4. For the last part, keep in mind the full configuration path you found earlier. You have to keep navigating to reach the `server` list node. You can do this through the `sys` and `dns` nodes on the `ex1_config` variable.

   ```
       dns_server_list = ex1_config.sys.dns.server
   ```
5. DNS configuration typically allows specifying multiple servers for redundancy and is therefore modeled as a list. You add a new DNS server with the `create()` method on the list object.

   ```
        dns_server_list.create('192.0.2.1')
   ```
6. Having made the changes, do not forget to commit them with a call to `apply()` or they will be lost.

   ```
       t.apply()
   ```

   \
   Alternatively, you can use the `dry-run` parameter with the `apply_params()` to, for example, preview what will be sent to the device.

   ```
       params = t.get_params()
       params.dry_run_native()
       result = t.apply_params(True, params)
       print(result['device']['ex1'])
       t.apply_params(True, t.get_params())
   ```
7. Lastly, add a simple `print` statement to notify you when the script is completed.

   ```
       print('Done!')
   ```

### Step 4 - Run and Verify the Script <a href="#d5e503" id="d5e503"></a>

1. Save the script file as `ex1-dns.py` and run it with the `python3` command.

   ```bash
   $ python3 ex1-dns.py
   ```
2. You should see `Done!` printed out. Then start the NSO CLI to verify the configuration change.

   ```bash
   $ ncs_cli -C -u admin
   ```
3. Finally, you can check the configured DNS servers on `ex1` by using the `show running-config` command.

   ```cli
   admin@ncs# show running-config devices device ex1 config sys dns server
   ```

   \
   If you see the 192.0.2.1 address in the output, you have successfully configured this device using Python!

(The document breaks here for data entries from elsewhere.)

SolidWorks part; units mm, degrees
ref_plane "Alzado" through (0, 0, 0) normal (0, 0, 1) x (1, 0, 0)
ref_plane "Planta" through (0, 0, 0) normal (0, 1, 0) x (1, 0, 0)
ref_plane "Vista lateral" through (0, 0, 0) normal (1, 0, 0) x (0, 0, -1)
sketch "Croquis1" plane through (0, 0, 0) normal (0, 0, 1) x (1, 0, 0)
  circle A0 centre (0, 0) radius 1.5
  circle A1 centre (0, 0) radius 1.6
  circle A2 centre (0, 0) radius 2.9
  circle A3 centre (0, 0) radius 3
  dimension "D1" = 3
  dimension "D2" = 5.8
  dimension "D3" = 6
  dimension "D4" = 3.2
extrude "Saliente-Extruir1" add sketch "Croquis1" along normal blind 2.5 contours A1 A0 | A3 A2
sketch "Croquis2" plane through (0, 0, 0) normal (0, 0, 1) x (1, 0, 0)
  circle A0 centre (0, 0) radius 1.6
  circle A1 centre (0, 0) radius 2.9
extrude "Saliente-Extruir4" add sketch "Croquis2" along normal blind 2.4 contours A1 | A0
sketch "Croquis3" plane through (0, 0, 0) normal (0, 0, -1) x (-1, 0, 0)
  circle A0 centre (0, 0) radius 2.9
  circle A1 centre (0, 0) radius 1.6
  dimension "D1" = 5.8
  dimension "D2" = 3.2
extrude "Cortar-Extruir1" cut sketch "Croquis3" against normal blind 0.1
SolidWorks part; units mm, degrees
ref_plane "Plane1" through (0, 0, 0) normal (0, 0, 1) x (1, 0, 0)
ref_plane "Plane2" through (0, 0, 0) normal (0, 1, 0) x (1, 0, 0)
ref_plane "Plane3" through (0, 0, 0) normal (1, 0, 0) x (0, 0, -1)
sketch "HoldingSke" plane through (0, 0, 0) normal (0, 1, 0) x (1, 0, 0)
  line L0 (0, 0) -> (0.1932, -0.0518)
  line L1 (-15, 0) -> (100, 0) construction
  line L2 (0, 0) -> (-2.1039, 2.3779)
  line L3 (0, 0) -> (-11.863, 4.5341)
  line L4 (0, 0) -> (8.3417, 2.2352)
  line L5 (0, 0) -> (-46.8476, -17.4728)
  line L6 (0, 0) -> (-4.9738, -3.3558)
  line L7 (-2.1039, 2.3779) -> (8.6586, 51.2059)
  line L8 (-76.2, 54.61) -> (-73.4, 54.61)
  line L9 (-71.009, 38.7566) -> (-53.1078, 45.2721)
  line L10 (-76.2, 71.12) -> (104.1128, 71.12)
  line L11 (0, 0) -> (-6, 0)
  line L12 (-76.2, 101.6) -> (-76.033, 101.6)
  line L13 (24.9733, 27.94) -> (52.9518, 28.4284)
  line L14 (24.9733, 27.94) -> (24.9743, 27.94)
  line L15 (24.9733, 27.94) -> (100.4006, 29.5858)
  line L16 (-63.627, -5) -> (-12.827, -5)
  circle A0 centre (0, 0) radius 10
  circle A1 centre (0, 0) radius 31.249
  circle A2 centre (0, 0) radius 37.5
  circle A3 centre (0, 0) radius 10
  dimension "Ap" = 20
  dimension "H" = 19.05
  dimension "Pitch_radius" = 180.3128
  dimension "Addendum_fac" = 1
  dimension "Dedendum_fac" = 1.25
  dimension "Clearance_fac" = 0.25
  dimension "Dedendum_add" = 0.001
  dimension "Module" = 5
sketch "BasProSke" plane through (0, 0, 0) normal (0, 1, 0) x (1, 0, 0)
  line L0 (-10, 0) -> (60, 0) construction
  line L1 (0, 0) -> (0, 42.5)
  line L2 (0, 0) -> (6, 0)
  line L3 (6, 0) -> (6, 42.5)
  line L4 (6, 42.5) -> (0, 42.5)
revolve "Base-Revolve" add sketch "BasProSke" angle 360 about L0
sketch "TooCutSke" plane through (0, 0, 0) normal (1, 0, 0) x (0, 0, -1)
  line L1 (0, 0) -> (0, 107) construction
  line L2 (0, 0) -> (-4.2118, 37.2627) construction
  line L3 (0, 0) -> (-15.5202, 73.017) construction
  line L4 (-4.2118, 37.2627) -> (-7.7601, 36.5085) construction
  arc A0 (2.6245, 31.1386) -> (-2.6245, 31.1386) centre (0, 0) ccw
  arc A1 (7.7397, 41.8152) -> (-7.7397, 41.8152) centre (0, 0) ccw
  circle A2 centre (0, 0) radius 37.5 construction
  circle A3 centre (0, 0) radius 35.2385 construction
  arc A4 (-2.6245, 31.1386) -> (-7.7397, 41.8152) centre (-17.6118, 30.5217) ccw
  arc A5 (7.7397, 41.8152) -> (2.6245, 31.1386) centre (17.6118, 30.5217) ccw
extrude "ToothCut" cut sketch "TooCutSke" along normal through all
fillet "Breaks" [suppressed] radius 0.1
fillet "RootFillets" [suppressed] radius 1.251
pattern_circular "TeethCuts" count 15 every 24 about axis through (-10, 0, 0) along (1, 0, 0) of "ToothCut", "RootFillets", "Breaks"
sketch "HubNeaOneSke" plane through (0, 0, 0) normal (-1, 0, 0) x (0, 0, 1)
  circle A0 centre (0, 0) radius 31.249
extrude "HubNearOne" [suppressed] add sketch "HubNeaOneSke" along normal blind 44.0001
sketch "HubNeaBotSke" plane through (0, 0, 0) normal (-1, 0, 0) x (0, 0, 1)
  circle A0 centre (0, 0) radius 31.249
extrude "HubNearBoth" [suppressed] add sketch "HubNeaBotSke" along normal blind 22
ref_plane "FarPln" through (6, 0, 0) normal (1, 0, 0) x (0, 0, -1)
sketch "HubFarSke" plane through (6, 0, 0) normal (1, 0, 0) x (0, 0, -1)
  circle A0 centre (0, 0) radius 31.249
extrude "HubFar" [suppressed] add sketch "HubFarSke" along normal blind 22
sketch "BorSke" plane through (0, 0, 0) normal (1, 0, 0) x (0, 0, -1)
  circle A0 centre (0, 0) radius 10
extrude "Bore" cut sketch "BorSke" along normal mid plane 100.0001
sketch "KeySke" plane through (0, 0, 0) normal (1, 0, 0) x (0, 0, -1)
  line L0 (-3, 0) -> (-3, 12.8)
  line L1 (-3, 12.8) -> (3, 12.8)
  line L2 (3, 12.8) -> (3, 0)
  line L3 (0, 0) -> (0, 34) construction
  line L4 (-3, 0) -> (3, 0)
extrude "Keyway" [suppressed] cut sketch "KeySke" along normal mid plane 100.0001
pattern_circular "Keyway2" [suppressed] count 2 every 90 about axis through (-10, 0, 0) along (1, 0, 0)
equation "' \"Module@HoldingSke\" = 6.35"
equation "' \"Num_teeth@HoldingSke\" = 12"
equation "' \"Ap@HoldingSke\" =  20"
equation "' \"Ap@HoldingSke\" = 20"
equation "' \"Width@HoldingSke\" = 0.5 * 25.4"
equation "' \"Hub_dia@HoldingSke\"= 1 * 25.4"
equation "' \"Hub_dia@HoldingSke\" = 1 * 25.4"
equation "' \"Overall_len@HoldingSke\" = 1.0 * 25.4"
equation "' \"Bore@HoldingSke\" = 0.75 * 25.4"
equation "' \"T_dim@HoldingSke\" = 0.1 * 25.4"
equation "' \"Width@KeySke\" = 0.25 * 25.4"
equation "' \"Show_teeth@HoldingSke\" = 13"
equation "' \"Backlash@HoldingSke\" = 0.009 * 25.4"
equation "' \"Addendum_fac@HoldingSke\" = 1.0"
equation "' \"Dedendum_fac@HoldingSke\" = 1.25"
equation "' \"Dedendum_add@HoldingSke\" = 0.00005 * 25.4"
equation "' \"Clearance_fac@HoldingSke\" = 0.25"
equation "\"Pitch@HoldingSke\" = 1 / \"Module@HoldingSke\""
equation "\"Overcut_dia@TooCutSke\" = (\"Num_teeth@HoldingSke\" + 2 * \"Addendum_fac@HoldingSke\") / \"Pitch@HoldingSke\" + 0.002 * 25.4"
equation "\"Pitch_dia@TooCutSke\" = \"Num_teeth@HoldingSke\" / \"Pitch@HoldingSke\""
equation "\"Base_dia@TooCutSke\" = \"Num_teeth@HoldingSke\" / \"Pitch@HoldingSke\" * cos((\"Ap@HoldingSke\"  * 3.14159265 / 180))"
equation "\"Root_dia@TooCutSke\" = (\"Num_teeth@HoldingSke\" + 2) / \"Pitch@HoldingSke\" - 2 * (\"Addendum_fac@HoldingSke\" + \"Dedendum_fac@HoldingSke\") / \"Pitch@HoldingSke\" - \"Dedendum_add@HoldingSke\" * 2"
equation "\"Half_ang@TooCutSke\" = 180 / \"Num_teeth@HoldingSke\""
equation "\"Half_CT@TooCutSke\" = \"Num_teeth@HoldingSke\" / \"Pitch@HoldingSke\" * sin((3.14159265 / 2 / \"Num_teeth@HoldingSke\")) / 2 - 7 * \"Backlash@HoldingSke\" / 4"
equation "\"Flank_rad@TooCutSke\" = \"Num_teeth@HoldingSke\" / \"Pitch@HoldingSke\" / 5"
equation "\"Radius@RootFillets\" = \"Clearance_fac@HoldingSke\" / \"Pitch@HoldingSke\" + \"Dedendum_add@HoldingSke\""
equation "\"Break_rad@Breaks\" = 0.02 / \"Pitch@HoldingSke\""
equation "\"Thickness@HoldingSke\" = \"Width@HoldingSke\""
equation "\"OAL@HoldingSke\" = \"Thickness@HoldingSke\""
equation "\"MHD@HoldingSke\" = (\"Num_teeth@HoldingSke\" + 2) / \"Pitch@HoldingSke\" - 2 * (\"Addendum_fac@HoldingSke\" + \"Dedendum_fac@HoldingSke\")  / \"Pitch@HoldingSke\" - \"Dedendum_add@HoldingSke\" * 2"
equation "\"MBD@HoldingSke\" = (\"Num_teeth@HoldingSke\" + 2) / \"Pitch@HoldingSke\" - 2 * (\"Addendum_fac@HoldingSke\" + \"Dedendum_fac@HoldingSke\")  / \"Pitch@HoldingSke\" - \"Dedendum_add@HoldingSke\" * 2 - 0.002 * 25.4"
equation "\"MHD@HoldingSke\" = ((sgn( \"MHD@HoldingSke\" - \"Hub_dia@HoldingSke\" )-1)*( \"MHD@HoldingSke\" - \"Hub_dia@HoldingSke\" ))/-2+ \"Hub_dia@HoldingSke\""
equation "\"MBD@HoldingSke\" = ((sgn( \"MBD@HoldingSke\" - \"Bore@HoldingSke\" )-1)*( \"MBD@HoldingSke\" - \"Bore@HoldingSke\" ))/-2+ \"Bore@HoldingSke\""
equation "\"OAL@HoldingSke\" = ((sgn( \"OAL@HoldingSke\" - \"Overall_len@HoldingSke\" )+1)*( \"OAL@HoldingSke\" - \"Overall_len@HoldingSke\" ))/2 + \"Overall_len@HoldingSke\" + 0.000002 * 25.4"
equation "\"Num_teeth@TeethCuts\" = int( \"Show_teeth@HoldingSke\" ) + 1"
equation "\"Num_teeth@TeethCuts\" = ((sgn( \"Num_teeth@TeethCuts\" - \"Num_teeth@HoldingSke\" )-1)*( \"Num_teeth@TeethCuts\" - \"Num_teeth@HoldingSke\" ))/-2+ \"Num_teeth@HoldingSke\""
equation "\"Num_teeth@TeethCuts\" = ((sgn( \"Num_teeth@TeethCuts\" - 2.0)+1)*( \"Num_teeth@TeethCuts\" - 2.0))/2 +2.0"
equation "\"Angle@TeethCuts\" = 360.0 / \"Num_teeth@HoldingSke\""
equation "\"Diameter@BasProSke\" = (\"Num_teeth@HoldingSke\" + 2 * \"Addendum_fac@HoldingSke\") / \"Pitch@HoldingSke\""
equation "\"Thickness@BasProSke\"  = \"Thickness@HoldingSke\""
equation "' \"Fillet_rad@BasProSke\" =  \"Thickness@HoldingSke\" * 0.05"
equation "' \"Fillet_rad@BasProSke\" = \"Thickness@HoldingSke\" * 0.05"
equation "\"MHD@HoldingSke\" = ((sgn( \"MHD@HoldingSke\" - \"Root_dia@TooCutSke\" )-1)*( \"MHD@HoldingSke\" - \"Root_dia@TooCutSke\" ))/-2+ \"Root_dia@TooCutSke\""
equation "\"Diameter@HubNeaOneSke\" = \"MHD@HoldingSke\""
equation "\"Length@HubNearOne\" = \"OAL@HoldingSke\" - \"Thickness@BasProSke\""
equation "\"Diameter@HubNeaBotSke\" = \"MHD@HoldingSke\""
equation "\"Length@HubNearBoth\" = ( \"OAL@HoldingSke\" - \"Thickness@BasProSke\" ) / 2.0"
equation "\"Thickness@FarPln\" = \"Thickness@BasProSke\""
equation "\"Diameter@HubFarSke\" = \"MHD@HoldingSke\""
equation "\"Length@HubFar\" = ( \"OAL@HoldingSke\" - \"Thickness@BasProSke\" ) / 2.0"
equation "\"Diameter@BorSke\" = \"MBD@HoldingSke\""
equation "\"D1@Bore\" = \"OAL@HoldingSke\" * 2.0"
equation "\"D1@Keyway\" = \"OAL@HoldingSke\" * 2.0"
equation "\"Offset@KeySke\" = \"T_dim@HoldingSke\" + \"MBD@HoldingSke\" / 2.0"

## A Note on Robustness <a href="#d5e519" id="d5e519"></a>

The code in this chapter is intentionally kept simple to demonstrate the core concepts and lacks robustness in error handling. In particular, it is missing the retry mechanism in case of concurrency conflicts as described in [Handling Conflicts](https://nso-docs.cisco.com/guides/nso-6.2/core-concepts/nso-concurrency-model#ncs.development.concurrency.handling).

## The Magic Behind the API <a href="#d5e523" id="d5e523"></a>

Perhaps you've wondered about the unusual name of Python `ncs.maagic` module? It is not a typo but a portmanteau of the words Management Agent API (MAAPI) and magic. The latter is used in the context of so-called magic methods in Python. The purpose of magic methods is to allow custom code to play nicely with the Python language. An example you might have come across in the past is the `__init__()` method in a class, which gets called whenever you create a new object. This one and similar methods are called magic because they are invoked automatically and behind the scenes (implicitly).

The NSO Python API makes extensive use of such magic methods in the `ncs.maagic` module. Magic methods help this module translate an object-based, user-friendly programming interface into low-level function calls. In turn, the high-level approach to navigating the data hierarchy with `ncs.maagic` objects is called the Python Maagic API.